> _WORK REQUEST_
Don't include pictures. Quote the lines below from the first through the line that contains "#9=PRODUCT_DEFINITION_SHAPE('','',#8);".

#####

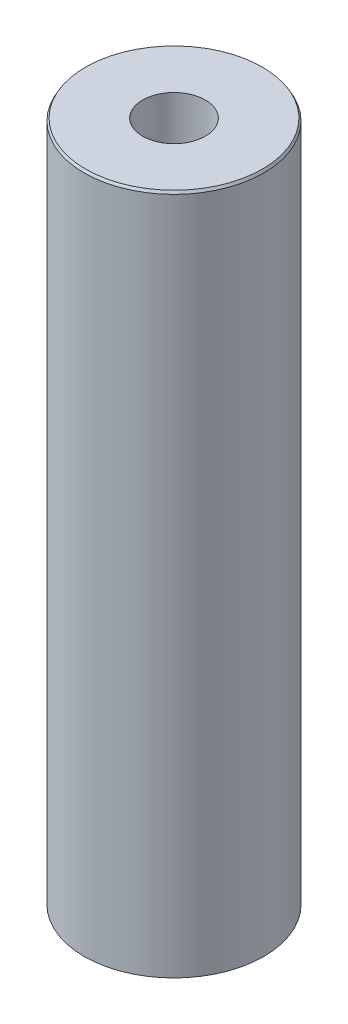
ISO-10303-21;
HEADER;
FILE_DESCRIPTION(('STEP AP214'),'2;1');
FILE_NAME('part.step','',(''),(''),'','','');
FILE_SCHEMA(('AUTOMOTIVE_DESIGN { 1 0 10303 214 1 1 1 1 }'));
ENDSEC;
DATA;
#1=APPLICATION_CONTEXT('core data for automotive mechanical design processes');
#2=APPLICATION_PROTOCOL_DEFINITION('international standard','automotive_design',2000,#1);
#3=PRODUCT_CONTEXT('',#1,'mechanical');
#4=PRODUCT('Part','Part','',(#3));
#5=PRODUCT_RELATED_PRODUCT_CATEGORY('part','',(#4));
#6=PRODUCT_DEFINITION_FORMATION('','',#4);
#7=PRODUCT_DEFINITION_CONTEXT('part definition',#1,'design');
#8=PRODUCT_DEFINITION('design','',#6,#7);
#9=PRODUCT_DEFINITION_SHAPE('','',#8);
#10=(LENGTH_UNIT() NAMED_UNIT(*) SI_UNIT(.MILLI.,.METRE.));
#11=(NAMED_UNIT(*) PLANE_ANGLE_UNIT() SI_UNIT($,.RADIAN.));
#12=(NAMED_UNIT(*) SI_UNIT($,.STERADIAN.) SOLID_ANGLE_UNIT());
#13=UNCERTAINTY_MEASURE_WITH_UNIT(LENGTH_MEASURE(1.E-05),#10,'distance_accuracy_value','');
#14=(GEOMETRIC_REPRESENTATION_CONTEXT(3) GLOBAL_UNCERTAINTY_ASSIGNED_CONTEXT((#13)) GLOBAL_UNIT_ASSIGNED_CONTEXT((#10,
#11,#12)) REPRESENTATION_CONTEXT('',''));
#15=CARTESIAN_POINT('',(0.,0.,0.));
#16=DIRECTION('',(0.,0.,1.));
#17=DIRECTION('',(1.,0.,0.));
#18=AXIS2_PLACEMENT_3D('',#15,#16,#17);
#19=CARTESIAN_POINT('',(0.,284.885670159614,0.));
#20=DIRECTION('',(0.,-1.,0.));
#21=DIRECTION('',(0.,0.,-1.));
#22=AXIS2_PLACEMENT_3D('',#19,#20,#21);
#23=CYLINDRICAL_SURFACE('',#22,37.5);
#24=CARTESIAN_POINT('',(0.,283.821531633377,0.));
#25=DIRECTION('',(0.,1.,0.));
#26=DIRECTION('',(0.,0.,1.));
#27=AXIS2_PLACEMENT_3D('',#24,#25,#26);
#28=CIRCLE('',#27,37.5);
#29=CARTESIAN_POINT('',(0.,283.821531633377,37.5));
#30=VERTEX_POINT('',#29);
#31=EDGE_CURVE('E50',#30,#30,#28,.F.);
#32=ORIENTED_EDGE('',*,*,#31,.T.);
#33=EDGE_LOOP('',(#32));
#34=FACE_BOUND('',#33,.T.);
#35=CARTESIAN_POINT('',(0.,0.614380664577918,0.));
#36=DIRECTION('',(0.,1.,0.));
#37=DIRECTION('',(0.,0.,1.));
#38=AXIS2_PLACEMENT_3D('',#35,#36,#37);
#39=CIRCLE('',#38,37.5);
#40=CARTESIAN_POINT('',(0.,0.614380664577918,37.5));
#41=VERTEX_POINT('',#40);
#42=EDGE_CURVE('E51',#41,#41,#39,.T.);
#43=ORIENTED_EDGE('',*,*,#42,.T.);
#44=EDGE_LOOP('',(#43));
#45=FACE_BOUND('',#44,.T.);
#46=ADVANCED_FACE('F39',(#34,#45),#23,.T.);
#47=CARTESIAN_POINT('',(0.,284.885670159614,0.));
#48=DIRECTION('',(0.,1.,0.));
#49=DIRECTION('',(0.,0.,1.));
#50=AXIS2_PLACEMENT_3D('',#47,#48,#49);
#51=PLANE('',#50);
#52=CARTESIAN_POINT('',(0.,284.885670159614,0.));
#53=DIRECTION('',(0.,1.,0.));
#54=DIRECTION('',(0.,0.,1.));
#55=AXIS2_PLACEMENT_3D('',#52,#53,#54);
#56=CIRCLE('',#55,36.885619335422);
#57=CARTESIAN_POINT('',(0.,284.885670159614,36.885619335422));
#58=VERTEX_POINT('',#57);
#59=EDGE_CURVE('E54',#58,#58,#56,.T.);
#60=ORIENTED_EDGE('',*,*,#59,.T.);
#61=EDGE_LOOP('',(#60));
#62=FACE_BOUND('',#61,.T.);
#63=CARTESIAN_POINT('',(0.,284.885670159614,0.));
#64=DIRECTION('',(0.,1.,0.));
#65=DIRECTION('',(0.,0.,1.));
#66=AXIS2_PLACEMENT_3D('',#63,#64,#65);
#67=CIRCLE('',#66,13.0947352424203);
#68=CARTESIAN_POINT('',(0.,284.885670159614,13.0947352424203));
#69=VERTEX_POINT('',#68);
#70=EDGE_CURVE('E58',#69,#69,#67,.T.);
#71=ORIENTED_EDGE('',*,*,#70,.F.);
#72=EDGE_LOOP('',(#71));
#73=FACE_BOUND('',#72,.T.);
#74=ADVANCED_FACE('F69',(#62,#73),#51,.T.);
#75=CARTESIAN_POINT('',(0.,0.,0.));
#76=DIRECTION('',(0.,1.,0.));
#77=DIRECTION('',(0.,0.,1.));
#78=AXIS2_PLACEMENT_3D('',#75,#76,#77);
#79=PLANE('',#78);
#80=CARTESIAN_POINT('',(0.,0.,0.));
#81=DIRECTION('',(0.,1.,0.));
#82=DIRECTION('',(0.,0.,1.));
#83=AXIS2_PLACEMENT_3D('',#80,#81,#82);
#84=CIRCLE('',#83,36.4358614737631);
#85=CARTESIAN_POINT('',(0.,0.,36.4358614737631));
#86=VERTEX_POINT('',#85);
#87=EDGE_CURVE('E10',#86,#86,#84,.F.);
#88=ORIENTED_EDGE('',*,*,#87,.T.);
#89=EDGE_LOOP('',(#88));
#90=FACE_BOUND('',#89,.T.);
#91=CARTESIAN_POINT('',(0.,0.,0.));
#92=DIRECTION('',(0.,1.,0.));
#93=DIRECTION('',(0.,0.,1.));
#94=AXIS2_PLACEMENT_3D('',#91,#92,#93);
#95=CIRCLE('',#94,13.0947352424203);
#96=CARTESIAN_POINT('',(0.,0.,13.0947352424203));
#97=VERTEX_POINT('',#96);
#98=EDGE_CURVE('E63',#97,#97,#95,.T.);
#99=ORIENTED_EDGE('',*,*,#98,.T.);
#100=EDGE_LOOP('',(#99));
#101=FACE_BOUND('',#100,.T.);
#102=ADVANCED_FACE('F75',(#90,#101),#79,.F.);
#103=CARTESIAN_POINT('',(0.,284.885670159614,0.));
#104=DIRECTION('',(0.,-1.,0.));
#105=DIRECTION('',(0.,0.,-1.));
#106=AXIS2_PLACEMENT_3D('',#103,#104,#105);
#107=CYLINDRICAL_SURFACE('',#106,13.0947352424203);
#108=ORIENTED_EDGE('',*,*,#70,.T.);
#109=EDGE_LOOP('',(#108));
#110=FACE_BOUND('',#109,.T.);
#111=ORIENTED_EDGE('',*,*,#98,.F.);
#112=EDGE_LOOP('',(#111));
#113=FACE_BOUND('',#112,.T.);
#114=ADVANCED_FACE('F70',(#110,#113),#107,.F.);
#115=CARTESIAN_POINT('',(0.,284.885670159614,0.));
#116=DIRECTION('',(0.,-1.,0.));
#117=DIRECTION('',(0.,0.,-1.));
#118=AXIS2_PLACEMENT_3D('',#115,#116,#117);
#119=CONICAL_SURFACE('',#118,36.885619335422,0.52359877559827);
#120=ORIENTED_EDGE('',*,*,#31,.F.);
#121=EDGE_LOOP('',(#120));
#122=FACE_BOUND('',#121,.T.);
#123=ORIENTED_EDGE('',*,*,#59,.F.);
#124=EDGE_LOOP('',(#123));
#125=FACE_BOUND('',#124,.T.);
#126=ADVANCED_FACE('F81',(#122,#125),#119,.T.);
#127=CARTESIAN_POINT('',(0.,0.614380664577918,0.));
#128=DIRECTION('',(0.,1.,0.));
#129=DIRECTION('',(0.,0.,1.));
#130=AXIS2_PLACEMENT_3D('',#127,#128,#129);
#131=CONICAL_SURFACE('',#130,37.5,1.04719755119662);
#132=ORIENTED_EDGE('',*,*,#87,.F.);
#133=EDGE_LOOP('',(#132));
#134=FACE_BOUND('',#133,.T.);
#135=ORIENTED_EDGE('',*,*,#42,.F.);
#136=EDGE_LOOP('',(#135));
#137=FACE_BOUND('',#136,.T.);
#138=ADVANCED_FACE('F45',(#134,#137),#131,.T.);
#139=CLOSED_SHELL('',(#46,#74,#102,#114,#126,#138));
#140=MANIFOLD_SOLID_BREP('B2',#139);
#141=ADVANCED_BREP_SHAPE_REPRESENTATION('',(#18,#140),#14);
#142=SHAPE_DEFINITION_REPRESENTATION(#9,#141);
ENDSEC;
END-ISO-10303-21;

#####

> _RESULT OF THIS EXERCISE_
ISO-10303-21;
HEADER;
FILE_DESCRIPTION(('STEP AP214'),'2;1');
FILE_NAME('part.step','',(''),(''),'','','');
FILE_SCHEMA(('AUTOMOTIVE_DESIGN { 1 0 10303 214 1 1 1 1 }'));
ENDSEC;
DATA;
#1=APPLICATION_CONTEXT('core data for automotive mechanical design processes');
#2=APPLICATION_PROTOCOL_DEFINITION('international standard','automotive_design',2000,#1);
#3=PRODUCT_CONTEXT('',#1,'mechanical');
#4=PRODUCT('Part','Part','',(#3));
#5=PRODUCT_RELATED_PRODUCT_CATEGORY('part','',(#4));
#6=PRODUCT_DEFINITION_FORMATION('','',#4);
#7=PRODUCT_DEFINITION_CONTEXT('part definition',#1,'design');
#8=PRODUCT_DEFINITION('design','',#6,#7);
#9=PRODUCT_DEFINITION_SHAPE('','',#8);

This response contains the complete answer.